Write out each line from the data below that includes the word "ToWsR".

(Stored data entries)

****

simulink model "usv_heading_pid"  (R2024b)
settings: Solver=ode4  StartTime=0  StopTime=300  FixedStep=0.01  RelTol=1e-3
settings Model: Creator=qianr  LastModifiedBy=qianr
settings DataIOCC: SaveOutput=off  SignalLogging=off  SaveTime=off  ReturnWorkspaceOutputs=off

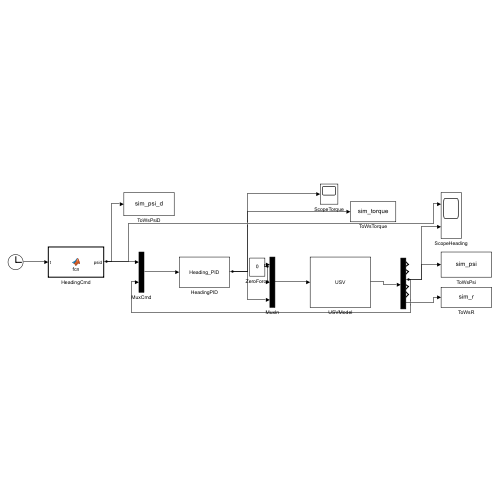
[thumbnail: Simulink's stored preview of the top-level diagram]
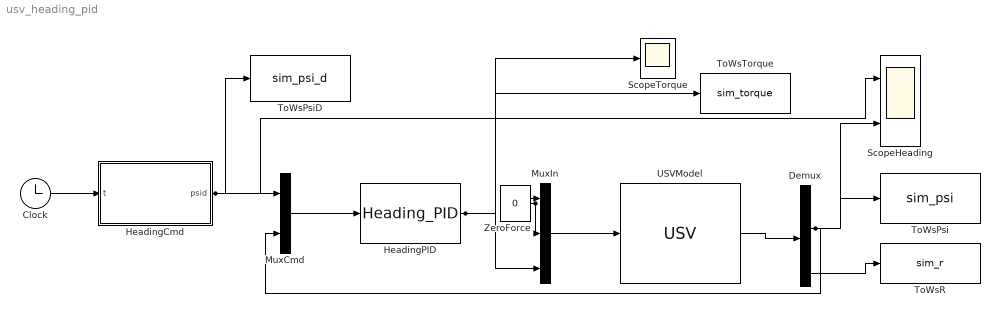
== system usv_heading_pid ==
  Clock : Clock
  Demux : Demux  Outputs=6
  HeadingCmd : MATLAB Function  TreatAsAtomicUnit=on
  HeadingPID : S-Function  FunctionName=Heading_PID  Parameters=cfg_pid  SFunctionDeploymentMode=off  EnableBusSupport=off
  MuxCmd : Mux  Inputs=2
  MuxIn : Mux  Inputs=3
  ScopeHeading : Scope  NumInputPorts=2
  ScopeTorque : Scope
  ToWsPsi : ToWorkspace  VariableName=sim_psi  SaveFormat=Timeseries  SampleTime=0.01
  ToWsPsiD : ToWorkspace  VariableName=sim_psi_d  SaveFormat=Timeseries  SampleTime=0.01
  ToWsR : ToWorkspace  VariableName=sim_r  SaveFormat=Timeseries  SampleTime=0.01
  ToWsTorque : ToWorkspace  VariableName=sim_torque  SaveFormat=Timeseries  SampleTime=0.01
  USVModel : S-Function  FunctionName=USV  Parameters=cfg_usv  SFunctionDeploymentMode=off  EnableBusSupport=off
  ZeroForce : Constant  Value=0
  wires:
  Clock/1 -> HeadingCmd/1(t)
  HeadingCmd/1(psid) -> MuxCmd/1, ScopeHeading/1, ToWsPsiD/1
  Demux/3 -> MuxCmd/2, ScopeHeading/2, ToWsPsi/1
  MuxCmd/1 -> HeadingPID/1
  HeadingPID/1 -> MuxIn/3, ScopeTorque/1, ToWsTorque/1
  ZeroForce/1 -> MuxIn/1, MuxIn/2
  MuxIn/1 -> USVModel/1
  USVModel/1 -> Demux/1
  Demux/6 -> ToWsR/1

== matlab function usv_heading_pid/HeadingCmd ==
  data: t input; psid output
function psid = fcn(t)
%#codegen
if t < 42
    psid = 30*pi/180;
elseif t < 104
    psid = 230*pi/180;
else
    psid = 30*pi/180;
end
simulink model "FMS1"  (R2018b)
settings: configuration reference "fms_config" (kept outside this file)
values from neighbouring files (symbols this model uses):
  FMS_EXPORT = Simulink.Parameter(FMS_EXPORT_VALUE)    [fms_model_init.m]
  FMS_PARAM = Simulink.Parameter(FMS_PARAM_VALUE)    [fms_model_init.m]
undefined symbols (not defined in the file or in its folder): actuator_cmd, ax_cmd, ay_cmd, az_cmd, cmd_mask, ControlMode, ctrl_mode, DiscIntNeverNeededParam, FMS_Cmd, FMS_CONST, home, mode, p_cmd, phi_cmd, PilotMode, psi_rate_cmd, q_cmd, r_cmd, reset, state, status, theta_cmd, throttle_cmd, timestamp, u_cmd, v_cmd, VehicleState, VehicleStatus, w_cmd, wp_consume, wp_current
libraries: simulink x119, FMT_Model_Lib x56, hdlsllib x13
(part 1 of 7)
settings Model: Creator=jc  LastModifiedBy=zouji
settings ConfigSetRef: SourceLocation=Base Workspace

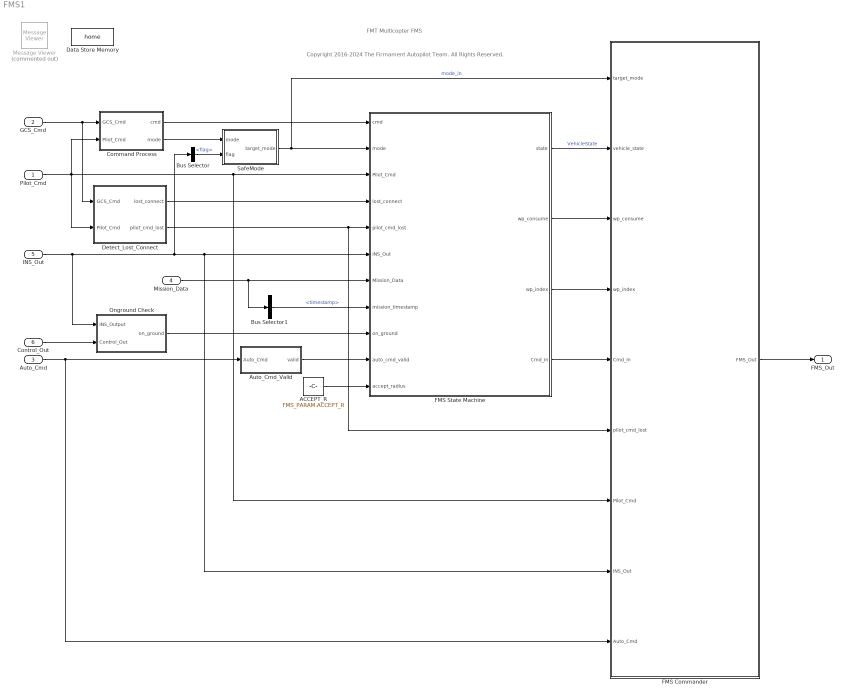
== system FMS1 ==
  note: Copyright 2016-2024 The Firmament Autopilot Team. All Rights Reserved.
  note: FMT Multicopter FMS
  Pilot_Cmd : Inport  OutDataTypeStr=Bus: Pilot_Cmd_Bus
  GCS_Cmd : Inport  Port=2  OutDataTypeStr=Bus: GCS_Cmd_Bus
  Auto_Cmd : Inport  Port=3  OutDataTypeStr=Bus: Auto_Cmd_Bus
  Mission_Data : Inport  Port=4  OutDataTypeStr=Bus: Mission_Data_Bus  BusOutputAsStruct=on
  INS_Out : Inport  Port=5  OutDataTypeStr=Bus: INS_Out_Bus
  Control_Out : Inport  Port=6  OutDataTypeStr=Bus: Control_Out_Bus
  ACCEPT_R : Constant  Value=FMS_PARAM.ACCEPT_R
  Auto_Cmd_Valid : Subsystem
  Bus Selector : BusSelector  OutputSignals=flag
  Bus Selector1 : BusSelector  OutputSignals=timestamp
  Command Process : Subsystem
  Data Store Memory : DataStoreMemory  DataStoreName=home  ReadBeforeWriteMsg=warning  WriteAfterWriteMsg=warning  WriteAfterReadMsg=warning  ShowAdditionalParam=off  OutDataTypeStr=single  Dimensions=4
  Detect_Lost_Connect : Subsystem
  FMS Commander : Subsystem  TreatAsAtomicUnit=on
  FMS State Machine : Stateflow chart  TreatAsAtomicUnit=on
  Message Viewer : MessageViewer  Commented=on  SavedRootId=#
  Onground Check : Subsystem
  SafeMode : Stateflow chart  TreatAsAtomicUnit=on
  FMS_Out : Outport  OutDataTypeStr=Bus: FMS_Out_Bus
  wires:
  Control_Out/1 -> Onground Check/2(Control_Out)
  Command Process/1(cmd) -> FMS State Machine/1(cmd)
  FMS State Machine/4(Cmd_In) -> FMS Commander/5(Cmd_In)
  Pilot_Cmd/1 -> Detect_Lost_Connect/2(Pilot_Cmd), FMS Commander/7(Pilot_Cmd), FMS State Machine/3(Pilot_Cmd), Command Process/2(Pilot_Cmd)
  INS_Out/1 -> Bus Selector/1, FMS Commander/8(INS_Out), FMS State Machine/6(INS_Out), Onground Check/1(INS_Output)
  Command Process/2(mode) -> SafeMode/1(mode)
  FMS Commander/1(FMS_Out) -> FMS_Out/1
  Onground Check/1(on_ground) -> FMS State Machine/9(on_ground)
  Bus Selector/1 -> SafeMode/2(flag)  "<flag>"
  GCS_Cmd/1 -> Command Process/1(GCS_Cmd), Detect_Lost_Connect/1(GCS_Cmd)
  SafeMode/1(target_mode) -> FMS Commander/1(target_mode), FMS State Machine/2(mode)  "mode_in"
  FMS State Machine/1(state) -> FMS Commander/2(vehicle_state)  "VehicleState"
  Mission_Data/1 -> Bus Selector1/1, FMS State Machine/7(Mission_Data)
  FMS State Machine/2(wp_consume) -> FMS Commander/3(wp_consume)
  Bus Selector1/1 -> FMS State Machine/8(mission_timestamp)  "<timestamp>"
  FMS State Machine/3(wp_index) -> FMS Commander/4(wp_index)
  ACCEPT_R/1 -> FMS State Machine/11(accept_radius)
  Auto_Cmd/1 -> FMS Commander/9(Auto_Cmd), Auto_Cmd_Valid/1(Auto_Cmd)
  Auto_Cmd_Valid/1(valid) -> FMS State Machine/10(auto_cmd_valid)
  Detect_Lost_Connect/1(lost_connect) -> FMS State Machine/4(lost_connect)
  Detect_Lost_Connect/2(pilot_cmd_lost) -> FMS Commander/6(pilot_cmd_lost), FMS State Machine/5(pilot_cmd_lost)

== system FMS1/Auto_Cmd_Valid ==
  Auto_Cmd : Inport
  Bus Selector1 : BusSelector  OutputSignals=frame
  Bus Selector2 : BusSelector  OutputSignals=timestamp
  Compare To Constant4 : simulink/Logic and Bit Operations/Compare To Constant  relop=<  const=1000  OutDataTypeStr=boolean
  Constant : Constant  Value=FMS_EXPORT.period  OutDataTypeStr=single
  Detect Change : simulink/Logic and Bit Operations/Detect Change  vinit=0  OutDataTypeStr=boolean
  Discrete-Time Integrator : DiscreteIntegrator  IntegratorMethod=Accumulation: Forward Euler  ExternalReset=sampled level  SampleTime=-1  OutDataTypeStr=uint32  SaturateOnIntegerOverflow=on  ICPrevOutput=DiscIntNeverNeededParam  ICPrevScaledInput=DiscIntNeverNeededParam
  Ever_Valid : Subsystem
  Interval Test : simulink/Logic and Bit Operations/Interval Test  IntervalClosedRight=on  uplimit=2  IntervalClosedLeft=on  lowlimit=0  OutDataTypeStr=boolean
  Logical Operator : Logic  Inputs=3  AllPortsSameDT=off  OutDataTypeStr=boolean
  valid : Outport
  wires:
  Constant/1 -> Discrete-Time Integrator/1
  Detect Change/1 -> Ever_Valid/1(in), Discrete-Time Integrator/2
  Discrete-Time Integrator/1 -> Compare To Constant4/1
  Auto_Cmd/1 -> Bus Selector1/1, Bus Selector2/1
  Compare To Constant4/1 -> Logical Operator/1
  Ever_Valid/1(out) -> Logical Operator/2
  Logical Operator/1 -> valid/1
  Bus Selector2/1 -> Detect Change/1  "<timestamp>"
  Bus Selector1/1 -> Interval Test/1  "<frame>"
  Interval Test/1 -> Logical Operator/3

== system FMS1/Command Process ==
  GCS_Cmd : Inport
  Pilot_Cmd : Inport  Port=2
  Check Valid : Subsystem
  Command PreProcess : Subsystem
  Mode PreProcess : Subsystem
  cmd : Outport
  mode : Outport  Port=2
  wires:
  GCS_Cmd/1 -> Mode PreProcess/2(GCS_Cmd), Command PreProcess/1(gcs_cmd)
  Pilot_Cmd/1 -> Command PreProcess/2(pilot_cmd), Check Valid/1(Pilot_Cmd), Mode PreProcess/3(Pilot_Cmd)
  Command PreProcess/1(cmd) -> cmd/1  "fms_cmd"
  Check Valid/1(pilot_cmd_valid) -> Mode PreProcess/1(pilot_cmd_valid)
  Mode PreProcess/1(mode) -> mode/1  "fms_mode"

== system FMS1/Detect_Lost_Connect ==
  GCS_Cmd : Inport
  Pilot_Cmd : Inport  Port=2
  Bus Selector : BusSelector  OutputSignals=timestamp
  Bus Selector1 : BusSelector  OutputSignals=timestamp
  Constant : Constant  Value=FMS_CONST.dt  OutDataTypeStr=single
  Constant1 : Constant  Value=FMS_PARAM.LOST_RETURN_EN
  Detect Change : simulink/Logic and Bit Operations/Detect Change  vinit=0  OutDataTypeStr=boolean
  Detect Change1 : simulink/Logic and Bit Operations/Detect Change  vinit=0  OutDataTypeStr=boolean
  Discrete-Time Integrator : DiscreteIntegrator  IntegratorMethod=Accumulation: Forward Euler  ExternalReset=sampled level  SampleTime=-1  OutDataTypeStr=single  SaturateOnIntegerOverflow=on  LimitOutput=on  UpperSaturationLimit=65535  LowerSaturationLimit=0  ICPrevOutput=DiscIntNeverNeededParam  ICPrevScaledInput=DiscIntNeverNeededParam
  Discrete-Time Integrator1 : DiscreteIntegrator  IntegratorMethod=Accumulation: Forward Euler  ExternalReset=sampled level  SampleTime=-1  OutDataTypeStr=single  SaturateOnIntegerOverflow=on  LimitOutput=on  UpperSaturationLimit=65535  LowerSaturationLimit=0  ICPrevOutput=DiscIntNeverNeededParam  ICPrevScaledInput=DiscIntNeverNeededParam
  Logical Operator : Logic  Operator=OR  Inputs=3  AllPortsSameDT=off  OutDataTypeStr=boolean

****

● RESPONSE FOR THIS EXERCISE:
  ToWsR : ToWorkspace  VariableName=sim_r  SaveFormat=Timeseries  SampleTime=0.01
  Demux/6 -> ToWsR/1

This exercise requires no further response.